╔══

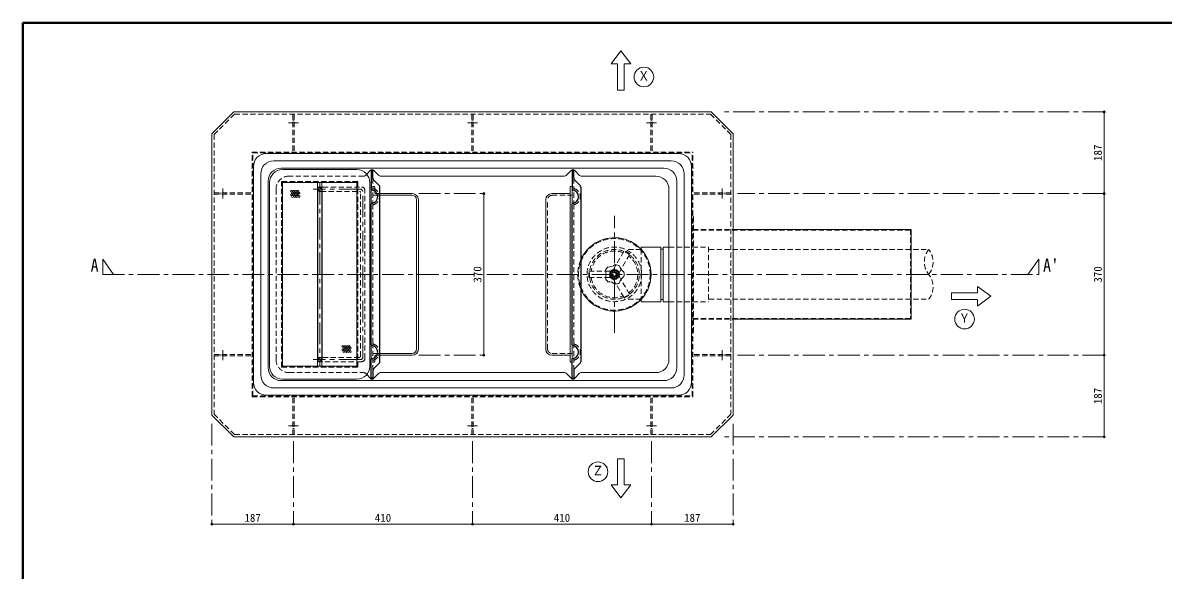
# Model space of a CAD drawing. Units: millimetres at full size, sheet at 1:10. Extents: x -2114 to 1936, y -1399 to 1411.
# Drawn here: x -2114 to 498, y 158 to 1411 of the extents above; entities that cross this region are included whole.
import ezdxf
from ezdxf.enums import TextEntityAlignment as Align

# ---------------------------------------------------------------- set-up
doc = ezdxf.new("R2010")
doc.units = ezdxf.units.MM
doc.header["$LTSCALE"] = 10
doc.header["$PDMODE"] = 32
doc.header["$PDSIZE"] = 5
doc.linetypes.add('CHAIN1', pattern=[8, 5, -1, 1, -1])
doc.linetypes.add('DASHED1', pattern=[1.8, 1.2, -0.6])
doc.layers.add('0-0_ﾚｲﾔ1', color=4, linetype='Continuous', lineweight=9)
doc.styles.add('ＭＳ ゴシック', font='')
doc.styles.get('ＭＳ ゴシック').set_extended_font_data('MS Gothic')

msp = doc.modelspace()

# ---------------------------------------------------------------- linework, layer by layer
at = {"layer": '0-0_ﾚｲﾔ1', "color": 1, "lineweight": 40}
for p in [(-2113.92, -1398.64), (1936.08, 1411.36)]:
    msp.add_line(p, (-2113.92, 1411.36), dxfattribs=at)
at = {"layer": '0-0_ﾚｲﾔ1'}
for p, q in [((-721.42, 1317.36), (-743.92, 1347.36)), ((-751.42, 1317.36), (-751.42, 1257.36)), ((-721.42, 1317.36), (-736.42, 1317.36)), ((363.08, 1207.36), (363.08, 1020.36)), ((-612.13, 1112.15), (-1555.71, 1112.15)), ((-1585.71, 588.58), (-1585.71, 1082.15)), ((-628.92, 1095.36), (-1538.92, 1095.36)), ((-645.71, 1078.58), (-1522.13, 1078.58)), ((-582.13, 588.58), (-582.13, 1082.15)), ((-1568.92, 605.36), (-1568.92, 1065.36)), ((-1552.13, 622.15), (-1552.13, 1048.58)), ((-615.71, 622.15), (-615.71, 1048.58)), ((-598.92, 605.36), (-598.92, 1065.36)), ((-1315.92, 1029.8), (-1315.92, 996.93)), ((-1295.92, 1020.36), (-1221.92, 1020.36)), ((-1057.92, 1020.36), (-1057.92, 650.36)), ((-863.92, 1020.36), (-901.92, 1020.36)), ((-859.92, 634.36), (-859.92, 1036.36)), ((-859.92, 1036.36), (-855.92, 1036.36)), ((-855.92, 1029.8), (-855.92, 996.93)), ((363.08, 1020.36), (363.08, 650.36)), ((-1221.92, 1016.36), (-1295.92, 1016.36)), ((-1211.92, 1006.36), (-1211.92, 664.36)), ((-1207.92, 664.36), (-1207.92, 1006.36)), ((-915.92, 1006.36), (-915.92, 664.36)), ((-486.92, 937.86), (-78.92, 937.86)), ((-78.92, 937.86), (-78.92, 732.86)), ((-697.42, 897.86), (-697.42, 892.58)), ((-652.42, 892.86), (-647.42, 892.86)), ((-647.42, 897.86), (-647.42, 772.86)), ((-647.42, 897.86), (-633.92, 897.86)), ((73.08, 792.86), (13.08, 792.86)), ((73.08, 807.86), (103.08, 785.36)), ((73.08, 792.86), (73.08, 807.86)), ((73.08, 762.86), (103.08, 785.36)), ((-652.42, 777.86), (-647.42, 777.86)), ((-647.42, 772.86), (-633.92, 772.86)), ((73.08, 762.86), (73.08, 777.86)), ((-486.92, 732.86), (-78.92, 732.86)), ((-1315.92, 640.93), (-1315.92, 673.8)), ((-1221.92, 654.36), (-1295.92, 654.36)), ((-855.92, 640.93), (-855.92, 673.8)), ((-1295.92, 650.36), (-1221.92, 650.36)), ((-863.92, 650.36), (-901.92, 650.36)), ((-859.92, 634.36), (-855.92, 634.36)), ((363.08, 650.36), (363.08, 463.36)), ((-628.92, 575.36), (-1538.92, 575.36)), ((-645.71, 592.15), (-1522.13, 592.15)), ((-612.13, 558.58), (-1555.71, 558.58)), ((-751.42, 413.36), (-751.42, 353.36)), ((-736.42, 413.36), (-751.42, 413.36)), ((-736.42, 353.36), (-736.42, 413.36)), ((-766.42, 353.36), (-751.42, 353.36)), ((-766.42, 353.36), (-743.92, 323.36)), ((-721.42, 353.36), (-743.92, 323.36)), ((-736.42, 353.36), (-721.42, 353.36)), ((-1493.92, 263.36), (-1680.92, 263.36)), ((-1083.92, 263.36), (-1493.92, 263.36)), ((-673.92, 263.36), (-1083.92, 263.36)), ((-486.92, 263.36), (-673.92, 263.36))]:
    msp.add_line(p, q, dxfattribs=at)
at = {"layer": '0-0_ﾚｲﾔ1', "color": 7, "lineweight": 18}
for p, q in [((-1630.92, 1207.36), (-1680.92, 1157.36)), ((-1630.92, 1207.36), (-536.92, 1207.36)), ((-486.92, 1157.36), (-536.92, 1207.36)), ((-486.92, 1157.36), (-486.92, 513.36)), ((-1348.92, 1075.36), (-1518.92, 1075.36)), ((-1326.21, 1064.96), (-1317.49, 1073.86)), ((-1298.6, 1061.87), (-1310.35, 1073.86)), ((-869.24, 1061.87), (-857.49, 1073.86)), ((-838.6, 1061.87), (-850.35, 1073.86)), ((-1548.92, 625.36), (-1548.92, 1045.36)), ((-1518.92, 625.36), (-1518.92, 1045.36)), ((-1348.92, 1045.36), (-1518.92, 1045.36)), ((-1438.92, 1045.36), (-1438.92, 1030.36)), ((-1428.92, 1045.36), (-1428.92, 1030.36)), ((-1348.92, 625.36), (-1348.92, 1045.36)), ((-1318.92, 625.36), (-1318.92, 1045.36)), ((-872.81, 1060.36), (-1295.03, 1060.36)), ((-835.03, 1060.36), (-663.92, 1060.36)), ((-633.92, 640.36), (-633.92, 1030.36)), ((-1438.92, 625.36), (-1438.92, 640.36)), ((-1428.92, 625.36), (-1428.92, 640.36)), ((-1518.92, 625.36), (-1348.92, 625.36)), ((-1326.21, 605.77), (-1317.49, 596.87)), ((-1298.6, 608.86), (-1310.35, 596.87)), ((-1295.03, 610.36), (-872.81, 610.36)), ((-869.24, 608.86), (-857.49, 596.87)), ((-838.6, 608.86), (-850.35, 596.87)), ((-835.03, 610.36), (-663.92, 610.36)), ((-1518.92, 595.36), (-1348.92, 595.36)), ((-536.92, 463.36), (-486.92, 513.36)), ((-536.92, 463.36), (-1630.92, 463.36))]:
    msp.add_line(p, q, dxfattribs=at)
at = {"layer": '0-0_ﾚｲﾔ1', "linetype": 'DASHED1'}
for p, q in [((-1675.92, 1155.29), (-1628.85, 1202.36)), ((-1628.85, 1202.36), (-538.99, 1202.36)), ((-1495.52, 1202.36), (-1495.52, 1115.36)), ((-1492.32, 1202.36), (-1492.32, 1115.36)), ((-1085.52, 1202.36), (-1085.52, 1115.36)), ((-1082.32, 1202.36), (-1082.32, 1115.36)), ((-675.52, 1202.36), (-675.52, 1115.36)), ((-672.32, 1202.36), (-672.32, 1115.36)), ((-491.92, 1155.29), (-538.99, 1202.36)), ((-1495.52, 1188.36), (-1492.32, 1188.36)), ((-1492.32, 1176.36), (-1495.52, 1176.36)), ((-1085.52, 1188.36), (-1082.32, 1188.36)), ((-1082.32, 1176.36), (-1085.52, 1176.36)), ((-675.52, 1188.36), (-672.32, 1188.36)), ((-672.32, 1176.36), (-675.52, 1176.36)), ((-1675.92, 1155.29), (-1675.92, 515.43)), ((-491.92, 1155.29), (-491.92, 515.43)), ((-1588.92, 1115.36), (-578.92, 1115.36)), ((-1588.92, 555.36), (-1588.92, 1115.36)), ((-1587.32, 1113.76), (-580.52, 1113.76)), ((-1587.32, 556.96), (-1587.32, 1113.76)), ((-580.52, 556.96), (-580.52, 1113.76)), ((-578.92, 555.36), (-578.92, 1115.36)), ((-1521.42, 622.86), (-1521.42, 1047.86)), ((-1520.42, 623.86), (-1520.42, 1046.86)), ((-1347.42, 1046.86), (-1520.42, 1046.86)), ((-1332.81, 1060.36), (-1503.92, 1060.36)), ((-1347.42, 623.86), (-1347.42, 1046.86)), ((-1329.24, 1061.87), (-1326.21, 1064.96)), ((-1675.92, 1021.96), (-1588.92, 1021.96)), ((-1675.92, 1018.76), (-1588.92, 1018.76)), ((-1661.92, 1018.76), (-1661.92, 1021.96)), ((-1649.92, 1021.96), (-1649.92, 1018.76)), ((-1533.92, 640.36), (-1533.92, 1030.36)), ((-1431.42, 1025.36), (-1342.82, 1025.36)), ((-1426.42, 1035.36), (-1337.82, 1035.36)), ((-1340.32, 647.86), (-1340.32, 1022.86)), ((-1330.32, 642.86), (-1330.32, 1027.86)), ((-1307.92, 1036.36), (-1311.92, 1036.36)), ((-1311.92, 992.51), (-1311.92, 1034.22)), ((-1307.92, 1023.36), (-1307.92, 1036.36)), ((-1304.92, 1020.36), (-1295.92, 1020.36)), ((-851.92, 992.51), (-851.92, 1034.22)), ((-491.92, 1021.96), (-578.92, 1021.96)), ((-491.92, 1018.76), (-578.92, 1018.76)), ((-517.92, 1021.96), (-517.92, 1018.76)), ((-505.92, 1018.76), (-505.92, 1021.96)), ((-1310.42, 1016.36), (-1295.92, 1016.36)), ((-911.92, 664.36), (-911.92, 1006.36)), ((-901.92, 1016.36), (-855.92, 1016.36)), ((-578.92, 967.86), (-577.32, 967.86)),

╚══

### What the exercise asks
The reply should hold only the lines running from the top of the records to the line containing "msp = doc.modelspace()", both included, copied exactly with no pictures.

### Task solution
# Model space of a CAD drawing. Units: millimetres at full size, sheet at 1:10. Extents: x -2114 to 1936, y -1399 to 1411.
# Drawn here: x -2114 to 498, y 158 to 1411 of the extents above; entities that cross this region are included whole.
import ezdxf
from ezdxf.enums import TextEntityAlignment as Align

# ---------------------------------------------------------------- set-up
doc = ezdxf.new("R2010")
doc.units = ezdxf.units.MM
doc.header["$LTSCALE"] = 10
doc.header["$PDMODE"] = 32
doc.header["$PDSIZE"] = 5
doc.linetypes.add('CHAIN1', pattern=[8, 5, -1, 1, -1])
doc.linetypes.add('DASHED1', pattern=[1.8, 1.2, -0.6])
doc.layers.add('0-0_ﾚｲﾔ1', color=4, linetype='Continuous', lineweight=9)
doc.styles.add('ＭＳ ゴシック', font='')
doc.styles.get('ＭＳ ゴシック').set_extended_font_data('MS Gothic')

msp = doc.modelspace()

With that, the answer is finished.